Urban Tailwaters
Five of us headed to the Arkansas River, to the tailwaters below the dam on Lake Pueblo. Usually we head toward the Nature Center or Valco Ponds. This day, we went further downstream instead, more into the city of Pueblo. Fishing in an urban setting is a different experience than being in the Canyon, or wading at Deckers, or stalking brookies in a small stream.
Oh the people we met.
As we were getting ourselves ready, a Hispanic man pulled into the dirt parking lot in a dark red sedan and began to get ready. He said hello as he began to get his waders on and get his rod set up. In a few minutes, he was offering some recommendations. Obviously a local, hecertainly knew the river. If we were heading upstream, he said, pointing with his rod, fish at a hole just a little ways up. Another hole is by the rocks, further, just around the bend. He offered the suggestions freely, as if he were talking to a couple of long-time friends. We thanked him as we headed upstream where we fished for the next couple of hours.
Back at the car having lunch, an old Chevy blazer pulled in: grey, dark windows, hip hop pouring out of the open windows. Another older model SUV pulled in next to them. Both cars were packed teens and young adults in their early 20s. Evidently, they were there to party. One young man approached me as I sat in my car.
“You had any luck?” he asked, his baseball cap pulled down to eyebrow level.
”Caught two,” I said.
”I usually come down for night fishing.
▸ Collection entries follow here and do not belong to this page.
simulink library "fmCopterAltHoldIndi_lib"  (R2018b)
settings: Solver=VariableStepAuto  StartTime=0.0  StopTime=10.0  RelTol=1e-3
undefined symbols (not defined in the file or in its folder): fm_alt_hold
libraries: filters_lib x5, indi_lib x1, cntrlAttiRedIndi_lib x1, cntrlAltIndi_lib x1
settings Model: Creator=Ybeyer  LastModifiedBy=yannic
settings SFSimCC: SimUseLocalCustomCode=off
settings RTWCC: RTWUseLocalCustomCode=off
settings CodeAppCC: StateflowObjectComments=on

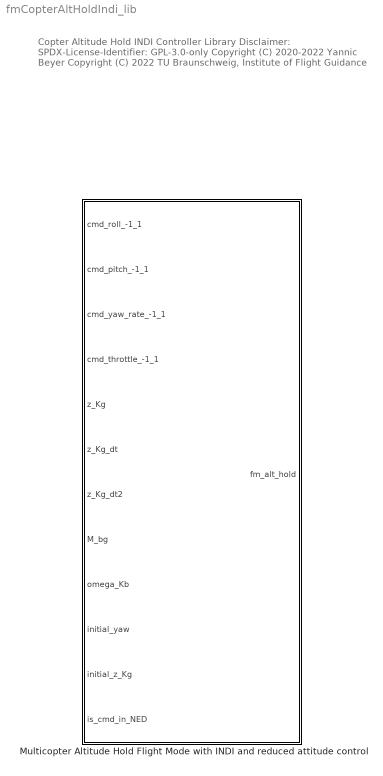
== system fmCopterAltHoldIndi_lib ==
  note: Copter Altitude Hold INDI Controller Library
      |
      | Disclaimer:
      | SPDX-License-Identifier: GPL-3.0-only
      |
      | Copyright (C) 2020-2022 Yannic Beyer
      | Copyright (C) 2022 TU Braunschweig, Institute of Flight Guidance
  Multicopter Altitude Hold Flight Mode with INDI and reduced attitude control : Subsystem  mask{fm=fm_alt_hold}
      mask prompts: fm "Multicopter Altitude Hold Flight Mode (INDI) struct, see fmCopterAltHoldIndi_params_default"
      mask DialogControl DescGroupVar Prompt: Multicopter Attitude Flight Mode with INDI and reduced attitude control
      mask DialogControl DescTextVar Prompt: Controller is basically implemented according to [1]
      mask DialogControl Control2 Prompt: [1] Sun, S., Baert, M., Van Schijndel, B. S., & De Visser, C. (2020, May). Upset Recovery Control for Quadrotors Subjected to a Complete Rotor Failure from Large Initial Disturbances. In 2020 IEEE International Conference on Robotics and Automation (ICRA) (pp. 4273-4279). IEEE.

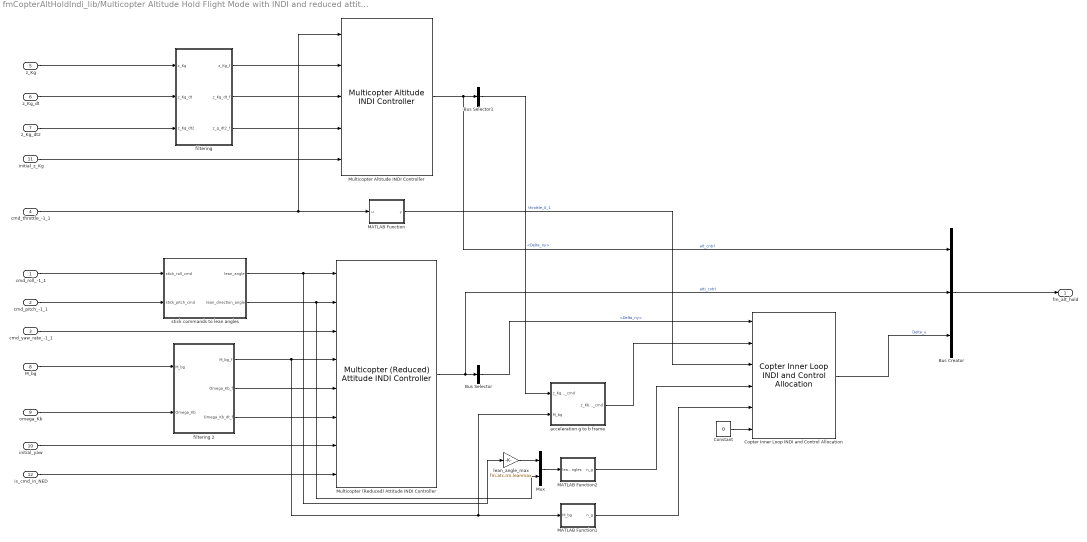
== system fmCopterAltHoldIndi_lib/Multicopter Altitude Hold Flight Mode with INDI and reduced attitude control ==
  cmd_roll_-1_1 : Inport  SampleTime=fm.ts
  cmd_pitch_-1_1 : Inport  Port=2  SampleTime=fm.ts
  cmd_yaw_rate_-1_1 : Inport  Port=3  SampleTime=fm.ts
  cmd_throttle_-1_1 : Inport  Port=4  SampleTime=fm.ts
  z_Kg : Inport  Port=5  SampleTime=fm.ts
  z_Kg_dt : Inport  Port=6  SampleTime=fm.ts
  z_Kg_dt2 : Inport  Port=7  SampleTime=fm.ts
  M_bg : Inport  Port=8  SampleTime=fm.ts
  omega_Kb : Inport  Port=9  SampleTime=fm.ts
  initial_yaw : Inport  Port=10  SampleTime=fm.ts
  initial_z_Kg : Inport  Port=11  SampleTime=fm.ts
  is_cmd_in_NED : Inport  Port=12  SampleTime=fm.ts
  Bus Creator : BusCreator  Inputs=3
  Bus Selector : BusSelector  OutputSignals=pseudo_control.Delta_ny
  Bus Selector1 : BusSelector  OutputSignals=pseudo_control.Delta_ny
  Constant : Constant  Value=0
  Copter Inner Loop INDI and Control Allocation : indi_lib/Copter Inner Loop INDI and Control Allocation  cep=fm.cep  ceb=fm.ceb  ca=fm.ca  mtc=fm.mtc  sflt=fm.sflt  ts=fm.ts
      settings: SourceProductName=LADAC
  MATLAB Function : MATLAB Function  TreatAsAtomicUnit=on
  MATLAB Function1 : MATLAB Function  TreatAsAtomicUnit=on
  MATLAB Function2 : MATLAB Function  TreatAsAtomicUnit=on
  Multicopter (Reduced) Attitude INDI Controller : cntrlAttiRedIndi_lib/Multicopter (Reduced) Attitude INDI Controller  atc=fm.atc  T=fm.mtc + 2./fm.sflt.omega
      settings: SourceProductName=LADAC
  Multicopter Altitude INDI Controller : cntrlAltIndi_lib/Multicopter Altitude INDI Controller  psc=fm.psc
      settings: SourceProductName=LADAC
  Mux : Mux  Inputs=2
  acceleration g to b frame : Subsystem
  filtering : Subsystem
  filtering 2 : Subsystem
  lean_angle_max : Gain  Gain=fm.atc.rm.leanmax
  stick commands to lean angles : MATLAB Function  TreatAsAtomicUnit=on
  fm_alt_hold : Outport  SampleTime=fm.ts
  wires:
  is_cmd_in_NED/1 -> Multicopter (Reduced) Attitude INDI Controller/8
  Multicopter Altitude INDI Controller/1 -> Bus Creator/1, Bus Selector1/1  "alt_cntrl"
  cmd_yaw_rate_-1_1/1 -> Multicopter (Reduced) Attitude INDI Controller/3
  stick commands to lean angles/2(lean_direction_angle) -> Mux/2, Multicopter (Reduced) Attitude INDI Controller/2
  Bus Selector1/1 -> acceleration g to b frame/1(z_Kg_dt2_cmd)  "<Delta_ny>"
  MATLAB Function/1(y) -> Copter Inner Loop INDI and Control Allocation/3  "throttle_0_1"
  cmd_throttle_-1_1/1 -> MATLAB Function/1(u), Multicopter Altitude INDI Controller/1
  Multicopter (Reduced) Attitude INDI Controller/1 -> Bus Creator/2, Bus Selector/1  "atti_cntrl"
  initial_yaw/1 -> Multicopter (Reduced) Attitude INDI Controller/7
  stick commands to lean angles/1(lean_angle) -> lean_angle_max/1, Multicopter (Reduced) Attitude INDI Controller/1
  Bus Selector/1 -> Copter Inner Loop INDI and Control Allocation/1  "<Delta_ny>"
  filtering 2/3(Omega_Kb_dt_f) -> Multicopter (Reduced) Attitude INDI Controller/6
  filtering 2/2(Omega_Kb_f) -> Multicopter (Reduced) Attitude INDI Controller/5
  filtering/1(z_Kg_f) -> Multicopter Altitude INDI Controller/2
  filtering/2(z_Kg_dt_f) -> Multicopter Altitude INDI Controller/3
  filtering/3(z_g_dt2_f) -> Multicopter Altitude INDI Controller/4
  initial_z_Kg/1 -> Multicopter Altitude INDI Controller/5
  Bus Creator/1 -> fm_alt_hold/1
  cmd_roll_-1_1/1 -> stick commands to lean angles/1(stick_roll_cmd)
  cmd_pitch_-1_1/1 -> stick commands to lean angles/2(stick_pitch_cmd)
  filtering 2/1(M_bg_f) -> Multicopter (Reduced) Attitude INDI Controller/4, acceleration g to b frame/2(M_bg), MATLAB Function1/1(M_bg)
  acceleration g to b frame/1(z_Kb_dt2_cmd) -> Copter Inner Loop INDI and Control Allocation/2
  Copter Inner Loop INDI and Control Allocation/1 -> Bus Creator/3  "Delta_u"
  z_Kg/1 -> filtering/1(z_Kg)
  z_Kg_dt/1 -> filtering/2(z_Kg_dt)
  z_Kg_dt2/1 -> filtering/3(z_Kg_dt2)
  M_bg/1 -> filtering 2/1(M_bg)
  omega_Kb/1 -> filtering 2/2(Omega_Kb)
  MATLAB Function1/1(n_g) -> Copter Inner Loop INDI and Control Allocation/5
  MATLAB Function2/1(n_g) -> Copter Inner Loop INDI and Control Allocation/4
  lean_angle_max/1 -> Mux/1
  Mux/1 -> MATLAB Function2/1(leanAngles)
  Constant/1 -> Copter Inner Loop INDI and Control Allocation/6

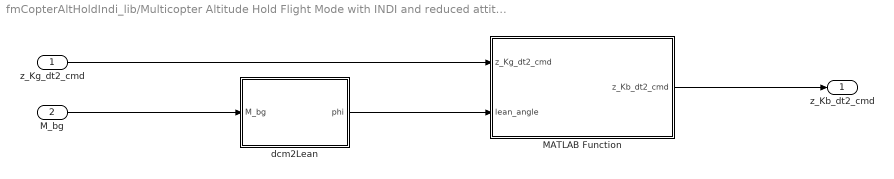
== system fmCopterAltHoldIndi_lib/Multicopter Altitude Hold Flight Mode with INDI and reduced attitude control/acceleration g to b frame ==
  z_Kg_dt2_cmd : Inport
  M_bg : Inport  Port=2
  MATLAB Function : MATLAB Function  TreatAsAtomicUnit=on
  dcm2Lean : MATLAB Function  TreatAsAtomicUnit=on
  z_Kb_dt2_cmd : Outport
  wires:
  z_Kg_dt2_cmd/1 -> MATLAB Function/1(z_Kg_dt2_cmd)
  MATLAB Function/1(z_Kb_dt2_cmd) -> z_Kb_dt2_cmd/1
  M_bg/1 -> dcm2Lean/1(M_bg)
  dcm2Lean/1(phi) -> MATLAB Function/2(lean_angle)

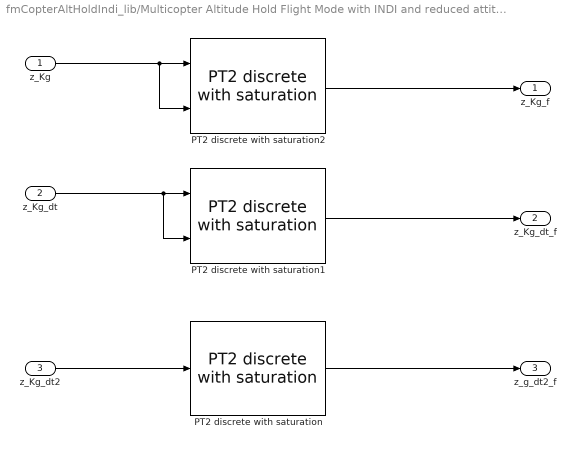
== system fmCopterAltHoldIndi_lib/Multicopter Altitude Hold Flight Mode with INDI and reduced attitude control/filtering ==
  z_Kg : Inport
  z_Kg_dt : Inport  Port=2
  z_Kg_dt2 : Inport  Port=3
  PT2 discrete with saturation : filters_lib/PT2 discrete with saturation  param_src=internal  omega=fm.sflt.omega  d=fm.sflt.D  x_dt2_max=inf  x_dt2_min=-inf  x_dt_max=inf  x_dt_min=-inf  x_max=inf  x_min=-inf  y_0_src=internal  x_init=0  y_dt_0_src=internal  x_dt_init=0  is_y_dt_checked=off  is_y_dt2_checked=off
      settings: SourceProductName=LADAC
  PT2 discrete with saturation1 : filters_lib/PT2 discrete with saturation  param_src=internal  omega=fm.sflt.omega  d=fm.sflt.D  x_dt2_max=inf  x_dt2_min=-inf  x_dt_max=inf  x_dt_min=-inf  x_max=inf  x_min=-inf  y_0_src=external  x_init=0  y_dt_0_src=internal  x_dt_init=0  is_y_dt_checked=off  is_y_dt2_checked=off
      settings: SourceProductName=LADAC
  PT2 discrete with saturation2 : filters_lib/PT2 discrete with saturation  param_src=internal  omega=fm.sflt.omega  d=fm.sflt.D  x_dt2_max=inf  x_dt2_min=-inf  x_dt_max=inf  x_dt_min=-inf  x_max=inf  x_min=-inf  y_0_src=external  x_init=0  y_dt_0_src=internal  x_dt_init=0  is_y_dt_checked=off  is_y_dt2_checked=off
      settings: SourceProductName=LADAC
  z_Kg_f : Outport
  z_Kg_dt_f : Outport  Port=2
  z_g_dt2_f : Outport  Port=3
  wires:
  PT2 discrete with saturation/1 -> z_g_dt2_f/1
  z_Kg_dt2/1 -> PT2 discrete with saturation/1
  PT2 discrete with saturation1/1 -> z_Kg_dt_f/1
  z_Kg_dt/1 -> PT2 discrete with saturation1/2, PT2 discrete with saturation1/1
  PT2 discrete with saturation2/1 -> z_Kg_f/1
  z_Kg/1 -> PT2 discrete with saturation2/1, PT2 discrete with saturation2/2

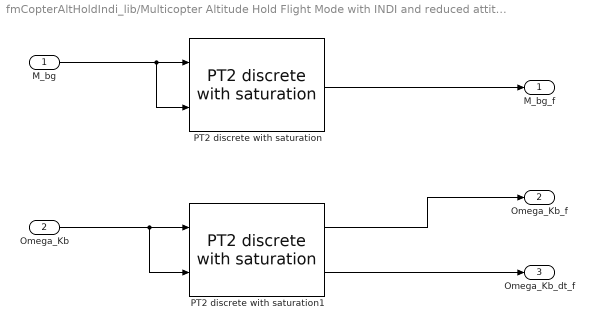
== system fmCopterAltHoldIndi_lib/Multicopter Altitude Hold Flight Mode with INDI and reduced attitude control/filtering 2 ==
  M_bg : Inport
  Omega_Kb : Inport  Port=2
  PT2 discrete with saturation : filters_lib/PT2 discrete with saturation  param_src=internal  omega=fm.sflt.omega  d=fm.sflt.D  x_dt2_max=inf  x_dt2_min=-inf  x_dt_max=inf  x_dt_min=-inf  x_max=inf  x_min=-inf  y_0_src=external  x_init=0  y_dt_0_src=internal  x_dt_init=0  is_y_dt_checked=off  is_y_dt2_checked=off
      settings: SourceProductName=LADAC
  PT2 discrete with saturation1 : filters_lib/PT2 discrete with saturation  param_src=internal  omega=fm.sflt.omega  d=fm.sflt.D  x_dt2_max=inf  x_dt2_min=-inf  x_dt_max=inf  x_dt_min=-inf  x_max=inf  x_min=-inf  y_0_src=external  x_init=0  y_dt_0_src=internal  x_dt_init=0  is_y_dt_checked=on  is_y_dt2_checked=off
      settings: SourceProductName=LADAC
  M_bg_f : Outport
  Omega_Kb_f : Outport  Port=2
  Omega_Kb_dt_f : Outport  Port=3
  wires:
  PT2 discrete with saturation1/2 -> Omega_Kb_dt_f/1
  Omega_Kb/1 -> PT2 discrete with saturation1/2, PT2 discrete with saturation1/1
  PT2 discrete with saturation1/1 -> Omega_Kb_f/1
  M_bg/1 -> PT2 discrete with saturation/2, PT2 discrete with saturation/1
  PT2 discrete with saturation/1 -> M_bg_f/1

== matlab function fmCopterAltHoldIndi_lib/Multicopter Altitude Hold Flight Mode with INDI and reduced attitude control/MATLAB Function1 ==
  data: M_bg input; n_g output
function n_g = dcm2LeanVector( M_bg )
n_g = dcm2LeanVector( M_bg );
end

== matlab function fmCopterAltHoldIndi_lib/Multicopter Altitude Hold Flight Mode with INDI and reduced attitude control/MATLAB Function ==
  data: u input; y output
function y = fcn(u)
y = 0.5*u+0.5;

== matlab function fmCopterAltHoldIndi_lib/Multicopter Altitude Hold Flight Mode with INDI and reduced attitude control/stick commands to lean angles ==
  data: stick_roll_cmd input; lean_angle output; stick_pitch_cmd input; lean_direction_angle output
function [lean_angle,lean_direction_angle] = fcn(stick_roll_cmd,stick_pitch_cmd)

lean_direction_angle = atan2(stick_roll_cmd,-stick_pitch_cmd);
lean_angle = sqrt( stick_roll_cmd^2 + stick_pitch_cmd^2 );

end

== matlab function fmCopterAltHoldIndi_lib/Multicopter Altitude Hold Flight Mode with INDI and reduced attitude control/acceleration g to b frame/MATLAB Function ==
  data: z_Kg_dt2_cmd input; z_Kb_dt2_cmd output; lean_angle input
function z_Kb_dt2_cmd = fcn(z_Kg_dt2_cmd,lean_angle)

% compensate lean angle
cos_lean = cos(lean_angle);
if cos_lean > 0.1
    z_Kb_dt2_cmd = z_Kg_dt2_cmd / cos_lean;
else
    z_Kb_dt2_cmd = z_Kg_dt2_cmd;
end

end

== matlab function fmCopterAltHoldIndi_lib/Multicopter Altitude Hold Flight Mode with INDI and reduced attitude control/acceleration g to b frame/dcm2Lean ==
  data: M_bg input; phi output
function phi= dcm2Lean( M_bg )
[phi,~] = dcm2Lean( M_bg );
end

== matlab function fmCopterAltHoldIndi_lib/Multicopter Altitude Hold Flight Mode with INDI and reduced attitude control/MATLAB Function2 ==
  data: leanAngles input; n_g output
function n_g = fcn( leanAngles )
n_g = leanAngles2leanVector( leanAngles );
end

I work ‘til 7, come down at 9 and fish under that bridge until about 11. I’ve just been having this craving for trout…you know how that goes? But I haven’t had much luck since Christmas!”
I wondered why he was down there now, with his group of friends. They were there honoring a friend, 19, who had died in the last week. Had left a party, drunk, to go get a deck of playing cards. Took a corner over by Irving School, “you know where that’s at” he asked, pointing east. I shrugged. ”Not really.” ”Yeah, he took a corner down there. At about 90. Rolled it. Killed himself.” I wondered to myself if he saw the sad irony happening in that dirt parking lot. ”These are his friends. So we came down to honor him.”
Maybe his need to tell somebody was relieved. Maybe it was just time to go back to his friends at the grey Blazer. I told him to be careful today. He nodded. ”We will.” We shook hands.
A few minutes later, my nephew and I were heading upstream again. An older married couple was behind us, out walking their two dogs. The man called out “where are you guys going to fish?” We told him we didn’t know, we’d just pick a spot. He was a local, too, having moved there from “the Midwest” five years prior. He told us of some holes and stretches, under the railroad bridge, or down by the culvert feeding the river, and then further up by the spillway. Conor asked what had brought them to Pueblo. ”That’s a good question,” the man said. His wife offered, “we visited some friends here and decided to move. Like anyplace, it has its pros and cons.” We turned off the path and headed down to the river with a “thanks for talking” and a return “good luck.”
I think of the mix here along the banks of the Arkansas. The friendliness of the locals sharing fishing information. A steady stream of folks walking and biking along the trails that parallel the river. An incredibly large group of teens — tattooed, stoned, drunk — sharing their loss, their pain. A married couple, retired, enjoying their walk along a river bank in a town which somehow became part of their destiny.
At the end of the day, the five of us stripped off our waders, each of us with our own story, each with our own path that somehow got us here today, our stories converging one again, here at the Tailwaters.